Task to carry out:
Return the data below in full and exactly, except that the pictures are dropped.

The data:
##############################
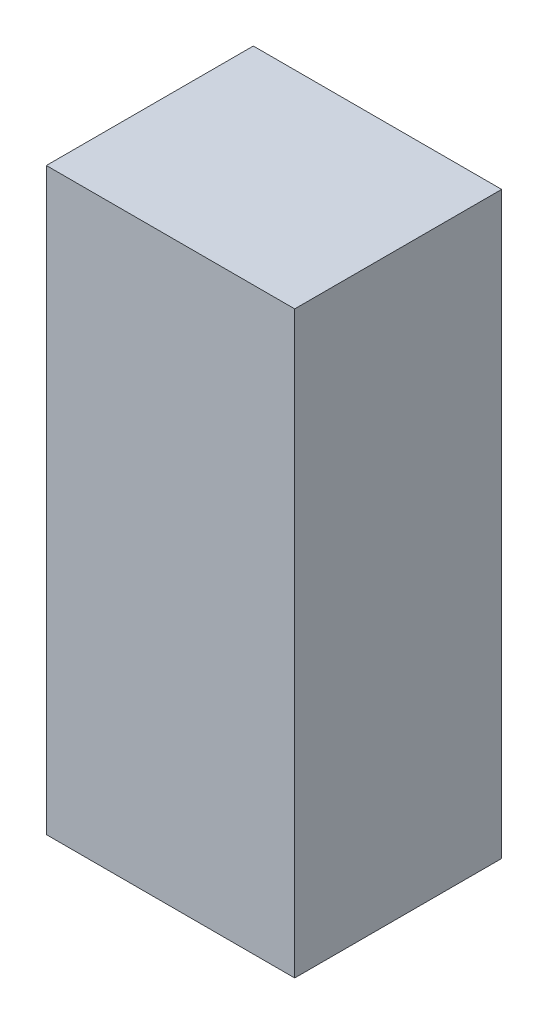
SolidWorks part; units mm, degrees
ref_plane "Front Plane" through (0, 0, 0) normal (0, 0, 1) x (1, 0, 0)
ref_plane "Top Plane" through (0, 0, 0) normal (0, 1, 0) x (1, 0, 0)
ref_plane "Right Plane" through (0, 0, 0) normal (1, 0, 0) x (0, 0, -1)
sketch "Sketch1" plane through (0, 0, 0) normal (0, 0, 1) x (1, 0, 0)
  line L1 (-6, 14) -> (6, 14)
  line L2 (-6, 14) -> (-6, -14)
  line L3 (-6, -14) -> (6, -14)
  line L4 (6, 14) -> (6, -14)
  line L5 (-6, 14) -> (6, -14) construction
  line L6 (-6, -14) -> (6, 14) construction
  point P0 (0, 0)
extrude "Boss-Extrude1" add sketch "Sketch1" against normal blind 10
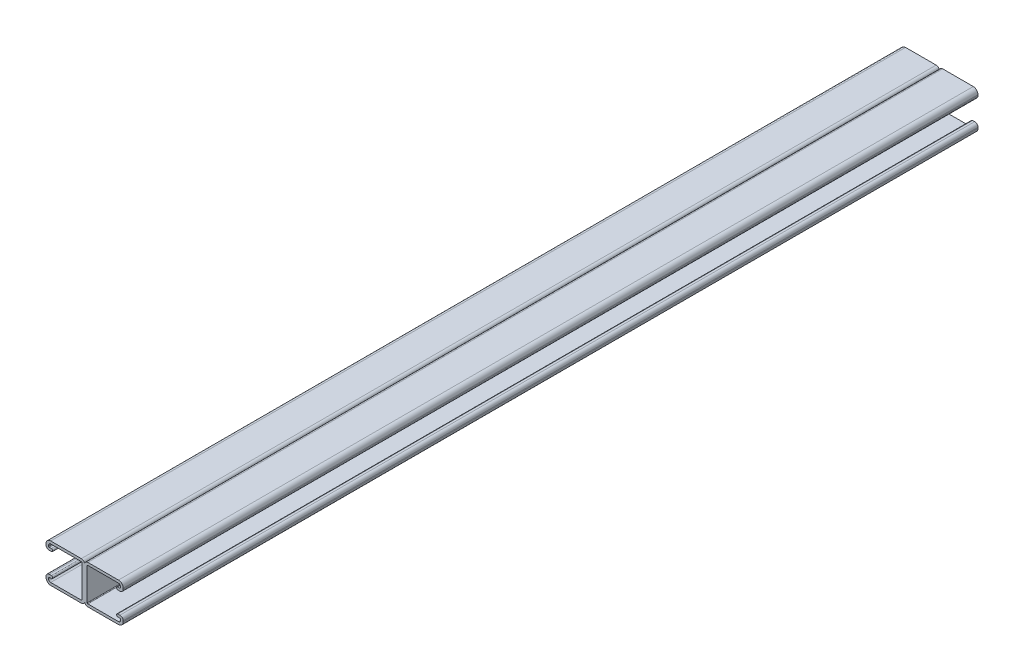
SolidWorks part; units mm, degrees
ref_plane "Front Plane" through (0, 0, 0) normal (0, 0, 1) x (1, 0, 0)
ref_plane "Top Plane" through (0, 0, 0) normal (0, 1, 0) x (1, 0, 0)
ref_plane "Right Plane" through (0, 0, 0) normal (1, 0, 0) x (0, 0, -1)
sketch "Sketch1" plane through (0, 0, 0) normal (0, 0, 1) x (1, 0, 0)
  line L0 (0, 0) -> (-41.275, 0) construction
  line L3 (-41.275, 20.6375) -> (0, 20.6375) construction
  line L4 (-41.275, 20.6375) -> (-41.275, -20.6375) construction
  line L5 (-41.275, -20.6375) -> (0, -20.6375) construction
  line L6 (0, 20.6375) -> (0, -20.6375) construction
  line L7 (-36.2267, 20.6375) -> (-3.4607, 20.6375)
  line L8 (0, 17.1767) -> (0, -17.1767)
  line L9 (-2.794, -17.1767) -> (-2.794, 17.1767)
  line L10 (-3.4608, 17.8435) -> (-36.2267, 17.8435)
  line L11 (-41.275, 15.5892) -> (-41.275, 14.5732)
  line L12 (-37.8142, 11.1125) -> (-35.5346, 11.1125)
  line L14 (-35.5346, 13.9065) -> (-37.8142, 13.9065)
  line L15 (-38.481, 14.5732) -> (-38.481, 15.5892)
  line L16 (-38.481, -14.5733) -> (-38.481, -15.5893)
  line L17 (-35.5346, -13.9065) -> (-37.8142, -13.9065)
  line L18 (-37.8142, -11.1125) -> (-35.5346, -11.1125)
  line L19 (-41.275, -15.5893) -> (-41.275, -14.5733)
  line L20 (-3.4607, -17.8435) -> (-36.2267, -17.8435)
  line L21 (-36.2267, -20.6375) -> (-3.4607, -20.6375)
  line L22 (-2.794, -20.6375) -> (-2.794, 20.6375) construction
  arc A1 (0, 17.1767) -> (-3.4607, 20.6375) centre (-3.4607, 17.1767) ccw
  arc A2 (-2.794, 17.1767) -> (-3.4608, 17.8435) centre (-3.4607, 17.1767) ccw
  arc A4 (-36.2267, 20.6375) -> (-41.275, 15.5892) centre (-36.2267, 15.5892) ccw
  arc A5 (-41.275, 14.5732) -> (-37.8142, 11.1125) centre (-37.8142, 14.5732) ccw
  arc A6 (-35.5346, 11.1125) -> (-35.5346, 13.9065) centre (-35.5346, 12.5095) ccw
  arc A7 (-37.8142, 13.9065) -> (-38.481, 14.5732) centre (-37.8142, 14.5732) cw
  arc A8 (-38.481, 15.5892) -> (-36.2267, 17.8435) centre (-36.2267, 15.5892) cw
  arc A9 (-38.481, -15.5893) -> (-36.2267, -17.8435) centre (-36.2267, -15.5893) ccw
  arc A10 (-37.8142, -13.9065) -> (-38.481, -14.5733) centre (-37.8142, -14.5733) ccw
  arc A11 (-35.5346, -11.1125) -> (-35.5346, -13.9065) centre (-35.5346, -12.5095) cw
  arc A12 (-41.275, -14.5733) -> (-37.8142, -11.1125) centre (-37.8142, -14.5733) cw
  arc A13 (-36.2267, -20.6375) -> (-41.275, -15.5893) centre (-36.2267, -15.5893) cw
  arc A14 (-2.794, -17.1767) -> (-3.4607, -17.8435) centre (-3.4607, -17.1767) cw
  arc A15 (0, -17.1767) -> (-3.4607, -20.6375) centre (-3.4607, -17.1767) cw
  point P24 (0, 20.6375)
  point P65 (-2.794, 0)
  dimension "D1" = 3.4608
  dimension "D2" = 5.0482
  dimension "D3" = 3.4608
  dimension "Ht." = 41.275
  dimension "Wd." = 41.275
  dimension "Thk." = 2.794
  dimension "D4" = 9.525
  dimension "D5" = 7.1374
extrude "Boss-Extrude1" add sketch "Sketch1" against normal blind 914.4
sketch "Sketch3" plane through (0, 0, 0) normal (1, 0, 0) x (0, 0, -1)
  line L0 (0, 0) -> (914.4, 0) construction
  point P2 (101.6, 0)
  point P3 (812.8, 0)
  dimension "D1" = 101.6
  dimension "D2" = 101.6
  dimension "D3" = 914.4
mirror "Mirror1" about plane through (0, 17.1767, -914.4) normal (1, 0, 0) of bodies 114
combine bodies "Combine1" operation type add bodies to combine 114 117
equation "\"D3@Sketch3\" = \"Lg.@Boss-Extrude1\""
##############################
Result of this task:
SolidWorks part; units mm, degrees
ref_plane "Front Plane" through (0, 0, 0) normal (0, 0, 1) x (1, 0, 0)
ref_plane "Top Plane" through (0, 0, 0) normal (0, 1, 0) x (1, 0, 0)
ref_plane "Right Plane" through (0, 0, 0) normal (1, 0, 0) x (0, 0, -1)
sketch "Sketch1" plane through (0, 0, 0) normal (0, 0, 1) x (1, 0, 0)
  line L1 (-6, 14) -> (6, 14)
  line L2 (-6, 14) -> (-6, -14)
  line L3 (-6, -14) -> (6, -14)
  line L4 (6, 14) -> (6, -14)
  line L5 (-6, 14) -> (6, -14) construction
  line L6 (-6, -14) -> (6, 14) construction
  point P0 (0, 0)
extrude "Boss-Extrude1" add sketch "Sketch1" against normal blind 10
SolidWorks part; units mm, degrees
ref_plane "Front Plane" through (0, 0, 0) normal (0, 0, 1) x (1, 0, 0)
ref_plane "Top Plane" through (0, 0, 0) normal (0, 1, 0) x (1, 0, 0)
ref_plane "Right Plane" through (0, 0, 0) normal (1, 0, 0) x (0, 0, -1)
sketch "Sketch1" plane through (0, 0, 0) normal (0, 0, 1) x (1, 0, 0)
  line L0 (0, 0) -> (-41.275, 0) construction
  line L3 (-41.275, 20.6375) -> (0, 20.6375) construction
  line L4 (-41.275, 20.6375) -> (-41.275, -20.6375) construction
  line L5 (-41.275, -20.6375) -> (0, -20.6375) construction
  line L6 (0, 20.6375) -> (0, -20.6375) construction
  line L7 (-36.2267, 20.6375) -> (-3.4607, 20.6375)
  line L8 (0, 17.1767) -> (0, -17.1767)
  line L9 (-2.794, -17.1767) -> (-2.794, 17.1767)
  line L10 (-3.4608, 17.8435) -> (-36.2267, 17.8435)
  line L11 (-41.275, 15.5892) -> (-41.275, 14.5732)
  line L12 (-37.8142, 11.1125) -> (-35.5346, 11.1125)
  line L14 (-35.5346, 13.9065) -> (-37.8142, 13.9065)
  line L15 (-38.481, 14.5732) -> (-38.481, 15.5892)
  line L16 (-38.481, -14.5733) -> (-38.481, -15.5893)
  line L17 (-35.5346, -13.9065) -> (-37.8142, -13.9065)
  line L18 (-37.8142, -11.1125) -> (-35.5346, -11.1125)
  line L19 (-41.275, -15.5893) -> (-41.275, -14.5733)
  line L20 (-3.4607, -17.8435) -> (-36.2267, -17.8435)
  line L21 (-36.2267, -20.6375) -> (-3.4607, -20.6375)
  line L22 (-2.794, -20.6375) -> (-2.794, 20.6375) construction
  arc A1 (0, 17.1767) -> (-3.4607, 20.6375) centre (-3.4607, 17.1767) ccw
  arc A2 (-2.794, 17.1767) -> (-3.4608, 17.8435) centre (-3.4607, 17.1767) ccw
  arc A4 (-36.2267, 20.6375) -> (-41.275, 15.5892) centre (-36.2267, 15.5892) ccw
  arc A5 (-41.275, 14.5732) -> (-37.8142, 11.1125) centre (-37.8142, 14.5732) ccw
  arc A6 (-35.5346, 11.1125) -> (-35.5346, 13.9065) centre (-35.5346, 12.5095) ccw
  arc A7 (-37.8142, 13.9065) -> (-38.481, 14.5732) centre (-37.8142, 14.5732) cw
  arc A8 (-38.481, 15.5892) -> (-36.2267, 17.8435) centre (-36.2267, 15.5892) cw
  arc A9 (-38.481, -15.5893) -> (-36.2267, -17.8435) centre (-36.2267, -15.5893) ccw
  arc A10 (-37.8142, -13.9065) -> (-38.481, -14.5733) centre (-37.8142, -14.5733) ccw
  arc A11 (-35.5346, -11.1125) -> (-35.5346, -13.9065) centre (-35.5346, -12.5095) cw
  arc A12 (-41.275, -14.5733) -> (-37.8142, -11.1125) centre (-37.8142, -14.5733) cw
  arc A13 (-36.2267, -20.6375) -> (-41.275, -15.5893) centre (-36.2267, -15.5893) cw
  arc A14 (-2.794, -17.1767) -> (-3.4607, -17.8435) centre (-3.4607, -17.1767) cw
  arc A15 (0, -17.1767) -> (-3.4607, -20.6375) centre (-3.4607, -17.1767) cw
  point P24 (0, 20.6375)
  point P65 (-2.794, 0)
  dimension "D1" = 3.4608
  dimension "D2" = 5.0482
  dimension "D3" = 3.4608
  dimension "Ht." = 41.275
  dimension "Wd." = 41.275
  dimension "Thk." = 2.794
  dimension "D4" = 9.525
  dimension "D5" = 7.1374
extrude "Boss-Extrude1" add sketch "Sketch1" against normal blind 914.4
sketch "Sketch3" plane through (0, 0, 0) normal (1, 0, 0) x (0, 0, -1)
  line L0 (0, 0) -> (914.4, 0) construction
  point P2 (101.6, 0)
  point P3 (812.8, 0)
  dimension "D1" = 101.6
  dimension "D2" = 101.6
  dimension "D3" = 914.4
mirror "Mirror1" about plane through (0, 17.1767, -914.4) normal (1, 0, 0) of bodies 114
combine bodies "Combine1" operation type add bodies to combine 114 117
equation "\"D3@Sketch3\" = \"Lg.@Boss-Extrude1\""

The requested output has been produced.